=== SUPPLIED RECORDS ===
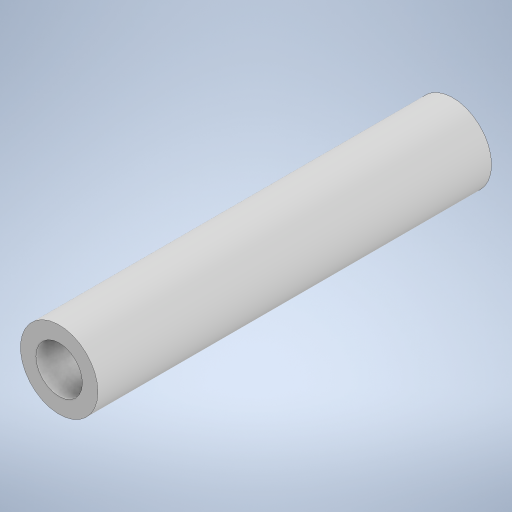
# Autodesk Inventor part: prenetration_top_sweep
Saved by Autodesk Inventor 2023 (Build 270158000, 158)
## iProperties
Created: 2023-01-25
Part Number: prenetration_top_sweep
Material: Generic
Document SubType Name: Modeling
Designer: remidm
Density: 1 g/cm^3
Appearance: Default
Mass: 0.506707 g
Surface Area: 10.5331 cm^2
Volume: 0.506707 cm^3
PenetrationOuterDiameter: 0.197 in
Author: remidm
Autodesk Inventor part; units mm, degrees
ref_plane "YZ Plane" through (0, 0, 0) normal (1, 0, 0) x (0, 1, 0)
ref_plane "XZ Plane" through (0, 0, 0) normal (0, 1, 0) x (-1, 0, 0)
ref_plane "XY Plane" through (0, 0, 0) normal (0, 0, 1) x (1, 0, 0)
sketch "Sketch1" plane through (0, 0, 0) normal (0, 0, 1) x (1, 0, 0)
  circle A0 centre (0, 0) radius 2.5
  dimension "PenetrationOuterDiameter" = 5
  constraints: 1 centre point
  measures "PenetrationOuterDiameter" diameter of A0
extrude "Extrusion2" add sketch "Sketch1" along normal blind 25.4
hole "Hole2" at (0, 0, 0) direction (0, 0, 1) diameter 3 end through all
equation "\"PenetrationInnerDiameter\" = PenetrationOuterDiameter - 2 * PenetrationThickness"
equation "\"PenetrationThickness\" = 1"
body "Solid2"
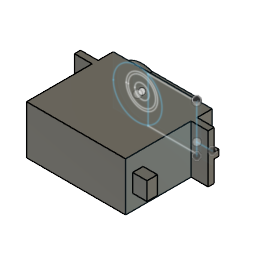
180 motor (Autodesk Fusion 360 design; units mm, degrees)
Autodesk Fusion 360 part; units mm, degrees
sketch "Sketch1" plane through (0, 0, 0) normal (0, 0, 1) x (1, 0, 0)
  line L0 (-20.375, 17.825) -> (20.375, 17.825)
  line L1 (20.375, 17.825) -> (20.375, -17.825)
  line L2 (20.375, -17.825) -> (-20.375, -17.825)
  line L3 (-20.375, -17.825) -> (-20.375, 17.825)
  line L4 (-20.375, 17.825) -> (20.375, -17.825) construction
  line L5 (20.375, 17.825) -> (-20.375, -17.825) construction
  dimension "d1" = 40.75
  dimension "d2" = 35.65
  constraint horizontal L0
  constraint perpendicular L0 L1
  constraint parallel L0 L2
  constraint parallel L1 L3
  constraint coincident L4 origin
  constraint coincident L5 origin
  measures "d1" distance of L1.end L2.end
  measures "d2" distance of L0.end L1.end
extrude "Extrude1" add sketch "Sketch1" along normal blind 20
sketch "Sketch2" plane through (20.375, 0, 0) normal (1, 0, 0) x (0, 1, 0)
  line L0 (-17.825, 0) -> (17.825, 0)
  line L1 (17.825, 0) -> (17.825, 20)
  line L2 (17.825, 20) -> (-17.825, 20)
  line L3 (-17.825, 20) -> (-17.825, 0)
  line L4 (17.825, 20) -> (11.625, 20)
  line L5 (11.625, 20) -> (9.125, 20)
  line L6 (9.125, 20) -> (9.125, 0)
  line L7 (9.125, 0) -> (11.625, 0)
  line L8 (11.625, 0) -> (11.625, 20)
  dimension "d5" = 6.2
  dimension "d6" = 2.5
  constraint coincident L1.end L2.start
  constraint perpendicular L1 L4
  constraint horizontal L5
  constraint vertical L6
  constraint horizontal L7
  constraint vertical L8
  constraint coincident L0 L6.end
  measures "d5" distance of L1.end L4.end
  measures "d6" distance of L4.end L5.end
extrude "Extrude2" add sketch "Sketch2" along normal blind 7 contours L0 L2 L5 L6 L7 L8
sketch "Sketch3" plane through (20.375, 0, 0) normal (1, 0, 0) x (0, 1, 0)
  line L0 (11.625, 20) -> (11.625, 0)
  line L1 (11.625, 0) -> (17.825, 0)
  line L2 (17.825, 0) -> (17.825, 20)
  line L3 (17.825, 20) -> (11.625, 20)
  line L4 (11.625, 20) -> (11.625, 11.25)
  line L5 (11.625, 0) -> (11.625, 8.75)
  line L6 (17.825, 10) -> (13.575, 10)
  line L7 (11.625, 11.25) -> (13.575, 11.25)
  line L8 (13.575, 11.25) -> (13.575, 10)
  line L9 (13.575, 10) -> (11.625, 10)
  line L10 (11.625, 10) -> (11.625, 11.25)
  line L11 (13.575, 10) -> (11.625, 10)
  line L12 (11.625, 10) -> (11.625, 8.75)
  line L13 (11.625, 8.75) -> (13.575, 8.75)
  line L14 (13.575, 8.75) -> (13.575, 10)
  dimension "d9" = 8.75
  dimension "d10" = 8.75
  dimension "d11" = 4.25
  constraint coincident L0.start L3.end
  constraint perpendicular L3 L4
  constraint coincident L0.end L1.start
  constraint perpendicular L1 L5
  constraint midpoint L2 L6.start
  constraint perpendicular L0 L6
  constraint horizontal L7
  constraint vertical L8
  constraint horizontal L9
  constraint vertical L10
  constraint horizontal L11
  constraint vertical L12
  constraint horizontal L13
  constraint vertical L14
  measures "d9" distance of L0.start L4.end
  measures "d10" distance of L0.end L5.end
  measures "d11" distance of L6.start L6.end
extrude "Extrude3" add sketch "Sketch3" along normal blind 7 contours L0 L7 L8 L9 L10 L11 | L0 L9 L11 L12 L13 L14
extrude "Extrude4" add 1 faces at (27.375, 9.9583, 9.5833) along direction (-1, 0, 0) blind 55
sketch "Sketch4" plane through (20.375, 0, 0) normal (1, 0, 0) x (0, 1, 0)
  line L0 (9.125, 0) -> (9.125, 20)
  line L1 (9.125, 20) -> (-17.825, 20)
  line L2 (-17.825, 20) -> (-17.825, 0)
  line L3 (-17.825, 0) -> (9.125, 0)
sketch "Sketch5" plane through (20.375, 0, 0) normal (1, 0, 0) x (0, 1, 0)
  line L0 (-15, 20) -> (-15, 13.7)
  line L1 (-17.8217, 13.7) -> (-14.9217, 13.7)
  line L2 (-14.9217, 0) -> (-14.9217, 6.3)
  line L3 (-14.9217, 6.3) -> (-10.6217, 6.3)
  line L4 (-10.6217, 6.3) -> (-10.6217, 13.7)
  line L5 (-10.6217, 13.7) -> (-14.9217, 13.7)
  line L6 (-14.9217, 13.7) -> (-14.9217, 6.3)
  dimension "d16" = 6.3
  dimension "d17" = 2.9
  dimension "d18" = 6.3
  dimension "d19" = 4.3
  constraint vertical L0
  constraint perpendicular L0 L1
  constraint perpendicular L1 L2
  constraint horizontal L3
  constraint vertical L4
  constraint horizontal L5
  constraint vertical L6
  measures "d16" distance of L0.start L0.end
  measures "d17" distance of L1.start L1.end
  measures "d18" distance of L2.start L2.end
  measures "d19" distance of L2.end L3.end
extrude "Extrude5" add sketch "Sketch5" along normal blind 5.9
sketch "Sketch6" plane through (0, 17.825, 0) normal (0, 1, 0) x (-1, 0, 0)
  line L0 (-20.375, 0) -> (20.375, 0)
  line L1 (20.375, 0) -> (20.375, 20)
  line L2 (20.375, 20) -> (-20.375, 20)
  line L3 (-20.375, 20) -> (-20.375, 0)
  line L4 (-20.375, 4.9972) -> (-14.025, 4.9972)
  line L5 (-14, 0) -> (-14, 0.75)
  line L6 (-14, 20) -> (-14, 19.25)
  line L7 (-14, 0.75) -> (6, 0.75)
  line L8 (6, 0.75) -> (6, 19.25)
  line L9 (6, 19.25) -> (-14, 19.25)
  line L10 (-14, 19.25) -> (-14, 0.75)
  circle A0 centre (10.3, 10) radius 10
  dimension "d22" = 6.35
  dimension "d23" = 0.75
  dimension "d24" = 0.75
  dimension "d25" = 20
  dimension "d26" = 18.5
  constraint coincident L3 L4.start
  constraint perpendicular L3 L4
  constraint coincident L0 L5.start
  constraint perpendicular L0 L5
  constraint coincident L2 L6.start
  constraint perpendicular L2 L6
  constraint horizontal L7
  constraint vertical L8
  constraint horizontal L9
  constraint vertical L10
  measures "d22" distance of L4.start L4.end
  measures "d23" distance of L5.start L5.end
  measures "d24" distance of L6.start L6.end
  measures "d25" distance of L5.end L7.end
  measures "d26" distance of L5.end L6.end
extrude "Extrude6" add sketch "Sketch6" along normal blind 1.75 contours L8 A0 | L7 L8 L9 L10 A0 | L8 A0
sketch "Sketch7" plane through (0, 19.575, 0) normal (0, 1, 0) x (-1, 0, 0)
  arc A0 (6, 0.9717) -> (6, 19.0283) centre (10.3, 10) ccw
  line L0 (6, 19.0283) -> (6, 19.25)
  line L1 (6, 19.25) -> (-14, 19.25)
  line L2 (-14, 19.25) -> (-14, 0.75)
  line L3 (-14, 0.75) -> (6, 0.75)
  line L4 (6, 0.75) -> (6, 0.9717)
  circle A1 centre (10.3, 10) radius 6.45
  circle A2 centre (10.3, 10) radius 5.6
  circle A3 centre (10.3, 10) radius 2.9
  dimension "d29" = 12.9
  dimension "d30" = 11.2
  dimension "d31" = 5.8
  constraint concentric A0 A1
  constraint concentric A1 A2
  constraint concentric A1 A3
  measures "d29" diameter of A1
  measures "d30" diameter of A2
  measures "d31" diameter of A3
extrude "Extrude7" add sketch "Sketch7" along normal blind 1.4 contours A1
extrude "Extrude8" add 1 faces at (-12.8422, 19.575, 11.496) along direction (0, 1, 0) blind 2.1
sketch "Sketch8" plane through (0, 21.675, 0) normal (0, 1, 0) x (-1, 0, 0)
  circle A0 centre (10.3, 10) radius 5.6
sketch "Sketch9" plane through (0, 21.675, 0) normal (0, 1, 0) x (-1, 0, 0)
  circle A0 through (13.2, 10, -2.1) (8.85, 12.5115, -2.1) (8.85, 7.4885, -2.1)
  circle A1 centre (10.3, 10) radius 2.9063
  circle A2 centre (10.3, 10) radius 5.6
  circle A3 centre (10.3, 10) radius 2.9063
  point P0 (10.3, 10)
  constraint coincident P0 A1.centre
  constraint concentric A1 A2
  constraint concentric A1 A3
extrude "Extrude9" add sketch "Sketch9" along normal blind 3.5 contours A1 A3
sketch "Sketch10" plane through (0, 17.825, 0) normal (0, 1, 0) x (-1, 0, 0)
  arc A0 (10.3, 20) -> (6, 19.0283) centre (10.3, 10) ccw
  line L0 (10.3, 20) -> (-20.375, 20)
  line L1 (-20.375, 20) -> (-20.375, 0)
  line L2 (-20.375, 0) -> (10.3, 0)
  arc A1 (6, 0.9717) -> (10.3, 0) centre (10.3, 10) ccw
  line L3 (6, 0.9717) -> (6, 0.75)
  line L4 (6, 0.75) -> (-14, 0.75)
  line L5 (-14, 0.75) -> (-14, 19.25)
  line L6 (-14, 19.25) -> (6, 19.25)
  line L7 (6, 19.25) -> (6, 19.0283)
  line L8 (-14, 14.875) -> (-14, 5.125)
  circle A2 centre (-12.2062, 10.0187) radius 5.0718
  point P0 (-14, 10)
  dimension "d38" = 9.75
  constraint midpoint L8 P0
  constraint coincident L5 P0
  constraint perpendicular L4 L8
  measures "d38" distance of L8.start L8.end
extrude "Extrude10" add sketch "Sketch10" along normal blind 1.75 contours L5 L8 A2 picked at (-15.8122, 10.2321)
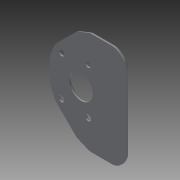
# Autodesk Inventor part: obudowa do czujnikow odleglosci v3,2 - przykrywka
Saved by Autodesk Inventor 2014 (Build 180170000, 170)
## iProperties
Created: 2017-04-19
Part Number: obudowa do czujnikow odleglosci v3,2 - przykrywka
Material: Ogólny
Document SubType Name: Modeling
Designer: hpdc7700
Density: 1 g/cm^3
Appearance: Domyślna
Author: hpdc7700
Autodesk Inventor part; units mm, degrees
ref_plane "YZ Plane" through (0, 0, 0) normal (1, 0, 0) x (0, 1, 0)
ref_plane "XZ Plane" through (0, 0, 0) normal (0, 1, 0) x (-1, 0, 0)
ref_plane "XY Plane" through (0, 0, 0) normal (0, 0, 1) x (1, 0, 0)
sketch "Szkic1" plane through (0, 0, 0) normal (0, 1, 0) x (-1, 0, 0)
  circle A0 centre (20.670805, 15.489913) radius 2.25
  circle A1 centre (20.670805, -15.489913) radius 2.25
  line L0 (-2.43121, 25.942308) -> (-19.284188, 11.800981)
  line L1 (-19.284188, 11.800981) -> (-28.926002, 23.291647)
  line L2 (-28.802745, 24.700479) -> (-28.926002, 23.291647)
  line L3 (-28.802745, 24.700479) -> (-12.715812, 38.199019)
  line L4 (-12.715812, 38.199019) -> (-2.43121, 25.942308)
  line L5 (-26.423342, -11) -> (-26.423342, 11)
  line L6 (-26.423342, 11) -> (-10.423342, 11)
  line L7 (-10.423342, 11) -> (-10.423342, -11)
  line L8 (-10.423342, -11) -> (-26.423342, -11)
  line L9 (-19.284188, -11.800981) -> (-2.43121, -25.942308)
  line L10 (-2.43121, -25.942308) -> (-12.715812, -38.199019)
  line L11 (-12.715812, -38.199019) -> (-28.802745, -24.700479)
  line L12 (-28.926002, -23.291647) -> (-28.802745, -24.700479)
  line L13 (-28.926002, -23.291647) -> (-19.284188, -11.800981)
  arc A2 (24.913446, -19.732553) -> (26.214082, -17.786013) centre (20.670805, -15.489913) ccw
  line L14 (29.391036, -10.116167) -> (26.214082, -17.786013)
  arc A3 (29.391036, -10.116167) -> (30, -7.0547) centre (22, -7.0547) ccw
  line L15 (30, -7.0547) -> (30, 7.0547)
  arc A4 (30, 7.0547) -> (29.391036, 10.116167) centre (22, 7.0547) ccw
  line L16 (26.214082, 17.786013) -> (29.391036, 10.116167)
  arc A5 (26.214082, 17.786013) -> (24.913446, 19.732553) centre (20.670805, 15.489913) ccw
  line L17 (24.913446, 19.732553) -> (9.732553, 34.913446)
  arc A6 (9.732553, 34.913446) -> (7.786013, 36.214082) centre (5.489913, 30.670805) ccw
  line L18 (0.116167, 39.391036) -> (7.786013, 36.214082)
  arc A7 (0.116167, 39.391036) -> (-2.9453, 40) centre (-2.9453, 32) ccw
  line L19 (-2.9453, 40) -> (-18.300026, 40)
  arc A8 (-18.300026, 40) -> (-24.727902, 37.660444) centre (-18.300026, 30) ccw
  line L20 (-24.727902, 37.660444) -> (-26.427876, 36.233997)
  arc A9 (-26.427876, 36.233997) -> (-30, 28.573552) centre (-20, 28.573552) ccw
  line L21 (-30, 28.573552) -> (-30, -28.573552)
  arc A10 (-30, -28.573552) -> (-26.427876, -36.233997) centre (-20, -28.573552) ccw
  line L22 (-26.427876, -36.233997) -> (-24.727902, -37.660444)
  arc A11 (-24.727902, -37.660444) -> (-18.300026, -40) centre (-18.300026, -30) ccw
  line L23 (-18.300026, -40) -> (-2.9453, -40)
  arc A12 (-2.9453, -40) -> (0.116167, -39.391036) centre (-2.9453, -32) ccw
  line L24 (7.786013, -36.214082) -> (0.116167, -39.391036)
  arc A13 (7.786013, -36.214082) -> (9.732553, -34.913446) centre (5.489913, -30.670805) ccw
  line L25 (9.732553, -34.913446) -> (24.913446, -19.732553)
  circle A14 centre (0, -18) radius 2.25
  circle A15 centre (0, 18) radius 2.25
  ellipse E0 centre (5.489913, 0.077944) end of major axis (-3.705883, 0.077944) minor radius 9.366229
  point P0 (0, 0)
  point P1 (0, 0)
  constraints: 52 end point, 24 point on circle, 16 centre point, 1 horizontal, 2 other
extrude "Wyciągnięcie proste1" add sketch "Szkic1" along normal blind 3 contours L0 L1 L2 L3 L4 | L5 L6 L7 L8 | L9 L10 L11 L12 L13 | L25 A13 L24 A12 L23 A11 L22 A10 L21 A9 L20 A8 L19 A7 L18 A6 L17 A5 L16 A4 L15 A3 L14 A2
chamfer "Faza1" distance 2 angle 45 1 edges at (-5.4899, 3, 9.4442)
chamfer "Faza2" distance 2 angle 45 4 edges at (-18.4208, 3, 15.4899) (2.25, 3, 18) (-18.4208, 3, -15.4899) (2.25, 3, -18)
fillet "Zaokrąglenie1" radius 3 24 edges at (30, 3, 0) (29.0631, 3, -32.7997) (25.5779, 3, -36.9472) (21.7202, 3, -39.3969) (10.6227, 3, -40) (1.3846, 3, -39.8463) (-3.9511, 3, -37.8026) (-8.8233, 3, -35.6596) (-17.323, 3, -27.323) (-25.6596, 3, -18.8233) (-27.8026, 3, -13.9511) (-29.8463, 3, -8.6154) (-30, 3, 0) (-29.8463, 3, 8.6154) (-27.8026, 3, 13.9511) (-25.6596, 3, 18.8233) (-17.323, 3, 27.323) (-8.8233, 3, 35.6596) (-3.9511, 3, 37.8026) (1.3846, 3, 39.8463) (10.6227, 3, 40) (21.7202, 3, 39.3969) (25.5779, 3, 36.9472) (29.0631, 3, 32.7997)
===
> **TASK PROMPT**:
Give back exactly the lines above, from the line containing "line L4 (-10.6217, 6.3) -> (-10.6217, 13.7)" through the line containing "constraint vertical L4", with both end lines and nothing more.

> **ANSWER TO THE PROBLEM**:
  line L4 (-10.6217, 6.3) -> (-10.6217, 13.7)
  line L5 (-10.6217, 13.7) -> (-14.9217, 13.7)
  line L6 (-14.9217, 13.7) -> (-14.9217, 6.3)
  dimension "d16" = 6.3
  dimension "d17" = 2.9
  dimension "d18" = 6.3
  dimension "d19" = 4.3
  constraint vertical L0
  constraint perpendicular L0 L1
  constraint perpendicular L1 L2
  constraint horizontal L3
  constraint vertical L4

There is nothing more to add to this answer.